-- Work order --
Whenever the string "targetPoint" turns up in a line below, that line should be copied.

-- Study material --
+===+
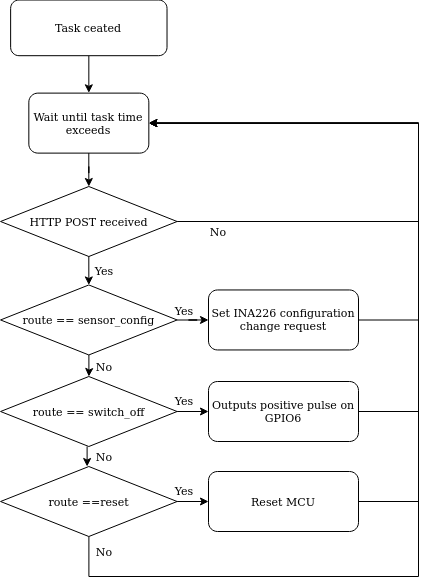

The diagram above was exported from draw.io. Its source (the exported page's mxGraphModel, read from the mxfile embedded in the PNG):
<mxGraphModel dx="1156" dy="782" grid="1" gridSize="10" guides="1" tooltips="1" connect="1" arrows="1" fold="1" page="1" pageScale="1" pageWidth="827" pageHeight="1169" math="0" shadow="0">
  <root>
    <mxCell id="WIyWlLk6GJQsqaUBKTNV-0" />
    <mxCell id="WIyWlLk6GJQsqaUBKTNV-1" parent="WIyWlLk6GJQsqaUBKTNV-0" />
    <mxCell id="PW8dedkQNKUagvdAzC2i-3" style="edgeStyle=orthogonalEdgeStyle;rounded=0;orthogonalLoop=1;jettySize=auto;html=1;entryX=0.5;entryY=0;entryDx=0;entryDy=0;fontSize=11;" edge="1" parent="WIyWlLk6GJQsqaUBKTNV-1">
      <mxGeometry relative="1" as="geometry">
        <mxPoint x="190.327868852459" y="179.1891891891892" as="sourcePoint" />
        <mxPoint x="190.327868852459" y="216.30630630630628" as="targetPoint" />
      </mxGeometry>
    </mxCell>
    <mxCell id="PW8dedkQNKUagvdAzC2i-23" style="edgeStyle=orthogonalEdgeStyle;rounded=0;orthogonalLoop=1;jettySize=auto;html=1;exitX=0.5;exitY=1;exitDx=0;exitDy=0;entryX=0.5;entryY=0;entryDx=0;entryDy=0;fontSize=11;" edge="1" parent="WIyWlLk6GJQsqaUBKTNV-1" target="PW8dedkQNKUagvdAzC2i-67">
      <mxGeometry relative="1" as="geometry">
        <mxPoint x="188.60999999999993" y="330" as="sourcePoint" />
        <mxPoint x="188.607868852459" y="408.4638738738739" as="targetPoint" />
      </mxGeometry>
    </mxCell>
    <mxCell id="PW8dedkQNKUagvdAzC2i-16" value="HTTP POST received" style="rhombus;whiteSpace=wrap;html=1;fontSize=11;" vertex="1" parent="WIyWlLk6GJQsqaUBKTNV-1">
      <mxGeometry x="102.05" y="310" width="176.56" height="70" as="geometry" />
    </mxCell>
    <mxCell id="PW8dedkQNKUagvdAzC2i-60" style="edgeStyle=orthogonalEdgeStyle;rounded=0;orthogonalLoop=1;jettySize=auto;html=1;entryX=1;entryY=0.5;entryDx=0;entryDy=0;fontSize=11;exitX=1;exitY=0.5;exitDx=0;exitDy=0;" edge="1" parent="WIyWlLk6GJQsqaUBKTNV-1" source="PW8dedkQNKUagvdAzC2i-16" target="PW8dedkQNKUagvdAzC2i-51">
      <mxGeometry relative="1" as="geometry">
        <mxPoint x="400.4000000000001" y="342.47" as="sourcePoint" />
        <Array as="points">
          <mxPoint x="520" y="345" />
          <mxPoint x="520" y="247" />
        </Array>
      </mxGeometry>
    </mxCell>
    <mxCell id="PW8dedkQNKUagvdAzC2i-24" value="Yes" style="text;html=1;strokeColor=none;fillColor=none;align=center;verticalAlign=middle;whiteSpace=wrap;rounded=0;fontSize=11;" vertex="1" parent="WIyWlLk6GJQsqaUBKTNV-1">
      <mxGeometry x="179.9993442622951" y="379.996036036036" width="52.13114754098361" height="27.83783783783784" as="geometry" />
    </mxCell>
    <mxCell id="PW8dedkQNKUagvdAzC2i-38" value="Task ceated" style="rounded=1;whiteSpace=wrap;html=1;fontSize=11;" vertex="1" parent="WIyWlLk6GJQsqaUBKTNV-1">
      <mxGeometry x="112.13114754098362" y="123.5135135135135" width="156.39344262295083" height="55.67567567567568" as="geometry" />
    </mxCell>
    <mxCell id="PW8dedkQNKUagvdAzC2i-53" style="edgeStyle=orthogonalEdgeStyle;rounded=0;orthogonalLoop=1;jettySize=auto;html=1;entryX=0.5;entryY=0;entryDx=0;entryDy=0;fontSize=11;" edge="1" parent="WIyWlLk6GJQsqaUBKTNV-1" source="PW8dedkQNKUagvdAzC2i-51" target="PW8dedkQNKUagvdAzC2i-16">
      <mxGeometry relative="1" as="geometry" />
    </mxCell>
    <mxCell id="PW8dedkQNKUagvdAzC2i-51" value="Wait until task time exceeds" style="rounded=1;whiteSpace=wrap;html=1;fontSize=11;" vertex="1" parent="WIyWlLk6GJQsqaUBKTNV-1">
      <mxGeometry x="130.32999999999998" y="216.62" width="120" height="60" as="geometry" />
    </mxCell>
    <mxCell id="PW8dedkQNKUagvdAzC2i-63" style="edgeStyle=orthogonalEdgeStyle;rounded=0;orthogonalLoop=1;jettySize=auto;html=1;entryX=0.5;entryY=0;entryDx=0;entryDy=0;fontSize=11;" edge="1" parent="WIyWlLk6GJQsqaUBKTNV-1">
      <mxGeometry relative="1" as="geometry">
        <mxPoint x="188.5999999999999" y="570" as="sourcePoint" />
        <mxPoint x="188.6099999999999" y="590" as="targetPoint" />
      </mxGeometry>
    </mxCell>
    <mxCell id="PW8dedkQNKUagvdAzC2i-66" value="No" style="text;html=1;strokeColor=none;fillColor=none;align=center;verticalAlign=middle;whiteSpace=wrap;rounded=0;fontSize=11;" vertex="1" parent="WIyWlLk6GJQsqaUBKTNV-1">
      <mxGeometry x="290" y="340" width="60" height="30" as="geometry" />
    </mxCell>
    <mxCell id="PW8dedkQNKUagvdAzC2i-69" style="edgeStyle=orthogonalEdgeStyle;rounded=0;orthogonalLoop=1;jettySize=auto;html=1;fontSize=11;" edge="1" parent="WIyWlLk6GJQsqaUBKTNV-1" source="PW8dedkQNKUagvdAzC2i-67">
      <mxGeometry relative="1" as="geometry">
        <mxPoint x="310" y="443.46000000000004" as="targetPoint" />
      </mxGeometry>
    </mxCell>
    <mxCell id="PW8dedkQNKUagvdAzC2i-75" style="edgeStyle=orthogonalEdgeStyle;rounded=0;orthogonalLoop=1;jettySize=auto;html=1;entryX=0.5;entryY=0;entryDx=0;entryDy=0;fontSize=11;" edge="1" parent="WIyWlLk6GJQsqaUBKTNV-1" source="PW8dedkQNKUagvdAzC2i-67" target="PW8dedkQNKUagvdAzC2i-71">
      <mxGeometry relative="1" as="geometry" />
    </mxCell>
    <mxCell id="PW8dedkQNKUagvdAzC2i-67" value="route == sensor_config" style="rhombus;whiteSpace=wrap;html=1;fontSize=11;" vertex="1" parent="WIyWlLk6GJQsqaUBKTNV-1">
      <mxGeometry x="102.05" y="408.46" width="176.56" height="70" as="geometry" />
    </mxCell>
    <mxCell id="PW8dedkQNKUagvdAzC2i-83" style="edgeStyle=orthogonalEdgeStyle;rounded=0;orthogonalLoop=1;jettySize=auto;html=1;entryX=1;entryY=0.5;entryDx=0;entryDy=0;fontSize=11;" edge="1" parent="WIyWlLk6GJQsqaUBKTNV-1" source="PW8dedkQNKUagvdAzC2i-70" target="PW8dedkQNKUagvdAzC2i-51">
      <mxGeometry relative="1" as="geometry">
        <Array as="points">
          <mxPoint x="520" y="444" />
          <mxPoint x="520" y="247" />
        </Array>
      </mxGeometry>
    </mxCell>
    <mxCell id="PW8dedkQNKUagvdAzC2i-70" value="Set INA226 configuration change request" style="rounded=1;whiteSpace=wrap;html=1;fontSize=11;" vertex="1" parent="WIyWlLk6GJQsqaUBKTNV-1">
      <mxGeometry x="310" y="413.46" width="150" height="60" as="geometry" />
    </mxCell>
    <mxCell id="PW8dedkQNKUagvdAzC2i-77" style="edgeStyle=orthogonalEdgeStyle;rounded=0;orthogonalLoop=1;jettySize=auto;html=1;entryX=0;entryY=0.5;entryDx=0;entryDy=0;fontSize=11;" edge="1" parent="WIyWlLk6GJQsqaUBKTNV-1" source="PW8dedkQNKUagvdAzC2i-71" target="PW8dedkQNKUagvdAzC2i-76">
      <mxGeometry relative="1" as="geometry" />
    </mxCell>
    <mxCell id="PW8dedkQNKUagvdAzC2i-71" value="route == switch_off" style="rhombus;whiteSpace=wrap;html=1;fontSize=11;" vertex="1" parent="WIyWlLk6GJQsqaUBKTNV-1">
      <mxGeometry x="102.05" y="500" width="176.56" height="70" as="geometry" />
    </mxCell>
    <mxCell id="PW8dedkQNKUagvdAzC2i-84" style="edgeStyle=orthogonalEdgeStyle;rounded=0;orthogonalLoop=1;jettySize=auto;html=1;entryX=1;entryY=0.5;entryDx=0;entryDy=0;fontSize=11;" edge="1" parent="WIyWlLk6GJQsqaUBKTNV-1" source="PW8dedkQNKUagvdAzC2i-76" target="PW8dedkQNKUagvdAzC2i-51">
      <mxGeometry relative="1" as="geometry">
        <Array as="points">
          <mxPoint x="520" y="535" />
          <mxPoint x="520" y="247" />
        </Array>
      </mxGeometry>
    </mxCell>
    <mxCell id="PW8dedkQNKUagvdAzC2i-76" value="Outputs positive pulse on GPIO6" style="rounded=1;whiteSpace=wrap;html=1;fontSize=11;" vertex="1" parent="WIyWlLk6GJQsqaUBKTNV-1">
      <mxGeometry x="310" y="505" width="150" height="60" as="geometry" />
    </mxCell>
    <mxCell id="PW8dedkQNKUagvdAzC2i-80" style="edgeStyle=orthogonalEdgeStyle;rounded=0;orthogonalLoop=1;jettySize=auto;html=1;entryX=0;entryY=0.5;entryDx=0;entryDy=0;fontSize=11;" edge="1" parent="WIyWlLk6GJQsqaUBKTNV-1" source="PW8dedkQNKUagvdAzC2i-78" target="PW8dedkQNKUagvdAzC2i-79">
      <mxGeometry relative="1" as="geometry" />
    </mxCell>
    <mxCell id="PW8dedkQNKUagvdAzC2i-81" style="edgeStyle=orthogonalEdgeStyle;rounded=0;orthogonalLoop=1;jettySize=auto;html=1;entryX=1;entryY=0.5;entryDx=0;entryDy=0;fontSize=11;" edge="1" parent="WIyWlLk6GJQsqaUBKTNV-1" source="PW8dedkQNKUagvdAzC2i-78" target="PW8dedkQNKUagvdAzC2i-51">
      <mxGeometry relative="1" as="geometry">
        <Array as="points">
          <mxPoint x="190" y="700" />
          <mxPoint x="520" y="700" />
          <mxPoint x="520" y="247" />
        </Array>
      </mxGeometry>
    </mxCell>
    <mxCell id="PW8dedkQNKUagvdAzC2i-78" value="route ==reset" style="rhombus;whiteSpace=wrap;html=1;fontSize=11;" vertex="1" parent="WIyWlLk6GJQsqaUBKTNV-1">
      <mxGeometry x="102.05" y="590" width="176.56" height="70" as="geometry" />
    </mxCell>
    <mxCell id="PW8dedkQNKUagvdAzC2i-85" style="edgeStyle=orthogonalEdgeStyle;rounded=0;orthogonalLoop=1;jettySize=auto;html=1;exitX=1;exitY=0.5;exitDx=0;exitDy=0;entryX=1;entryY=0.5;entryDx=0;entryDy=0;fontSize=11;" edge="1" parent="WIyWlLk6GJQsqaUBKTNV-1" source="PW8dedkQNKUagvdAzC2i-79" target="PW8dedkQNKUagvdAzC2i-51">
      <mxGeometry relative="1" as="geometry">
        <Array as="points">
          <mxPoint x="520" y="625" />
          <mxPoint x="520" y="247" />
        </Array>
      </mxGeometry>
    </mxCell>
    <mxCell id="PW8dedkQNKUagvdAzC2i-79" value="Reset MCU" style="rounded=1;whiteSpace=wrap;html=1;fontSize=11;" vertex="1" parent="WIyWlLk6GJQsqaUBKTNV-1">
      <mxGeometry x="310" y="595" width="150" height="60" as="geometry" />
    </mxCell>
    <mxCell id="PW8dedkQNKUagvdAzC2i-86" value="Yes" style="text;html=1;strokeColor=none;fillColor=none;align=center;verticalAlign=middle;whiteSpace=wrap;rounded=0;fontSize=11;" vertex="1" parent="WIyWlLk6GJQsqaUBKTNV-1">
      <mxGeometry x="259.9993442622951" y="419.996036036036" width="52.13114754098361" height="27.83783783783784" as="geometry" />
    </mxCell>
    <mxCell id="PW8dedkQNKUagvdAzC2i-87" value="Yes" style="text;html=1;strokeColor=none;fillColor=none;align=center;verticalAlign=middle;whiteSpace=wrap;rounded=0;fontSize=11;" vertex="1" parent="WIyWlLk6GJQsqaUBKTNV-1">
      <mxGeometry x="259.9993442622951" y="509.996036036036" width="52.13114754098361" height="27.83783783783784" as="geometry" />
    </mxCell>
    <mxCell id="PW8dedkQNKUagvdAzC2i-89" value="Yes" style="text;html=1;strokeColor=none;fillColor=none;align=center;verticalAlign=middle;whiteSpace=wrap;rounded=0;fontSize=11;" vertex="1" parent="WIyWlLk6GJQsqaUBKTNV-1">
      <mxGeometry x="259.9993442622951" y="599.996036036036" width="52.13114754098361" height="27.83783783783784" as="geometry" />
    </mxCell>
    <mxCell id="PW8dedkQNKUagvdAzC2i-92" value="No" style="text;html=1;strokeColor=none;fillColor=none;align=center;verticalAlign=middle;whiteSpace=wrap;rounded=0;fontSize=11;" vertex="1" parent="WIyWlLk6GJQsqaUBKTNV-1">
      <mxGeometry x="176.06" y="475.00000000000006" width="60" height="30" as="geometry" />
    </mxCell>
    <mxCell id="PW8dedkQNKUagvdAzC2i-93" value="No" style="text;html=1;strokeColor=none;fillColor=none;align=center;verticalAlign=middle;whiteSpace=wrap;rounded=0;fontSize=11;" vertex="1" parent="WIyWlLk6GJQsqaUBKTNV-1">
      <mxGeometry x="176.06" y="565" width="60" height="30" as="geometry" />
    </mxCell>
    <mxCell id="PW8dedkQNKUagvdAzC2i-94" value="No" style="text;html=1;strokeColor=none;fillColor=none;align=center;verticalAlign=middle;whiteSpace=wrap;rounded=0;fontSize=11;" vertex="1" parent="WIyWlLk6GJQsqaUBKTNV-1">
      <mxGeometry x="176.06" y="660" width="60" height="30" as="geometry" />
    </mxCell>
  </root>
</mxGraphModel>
+===+
-- Answer to this exercise --
        <mxPoint x="190.327868852459" y="216.30630630630628" as="targetPoint" />
        <mxPoint x="188.607868852459" y="408.4638738738739" as="targetPoint" />
        <mxPoint x="188.6099999999999" y="590" as="targetPoint" />
        <mxPoint x="310" y="443.46000000000004" as="targetPoint" />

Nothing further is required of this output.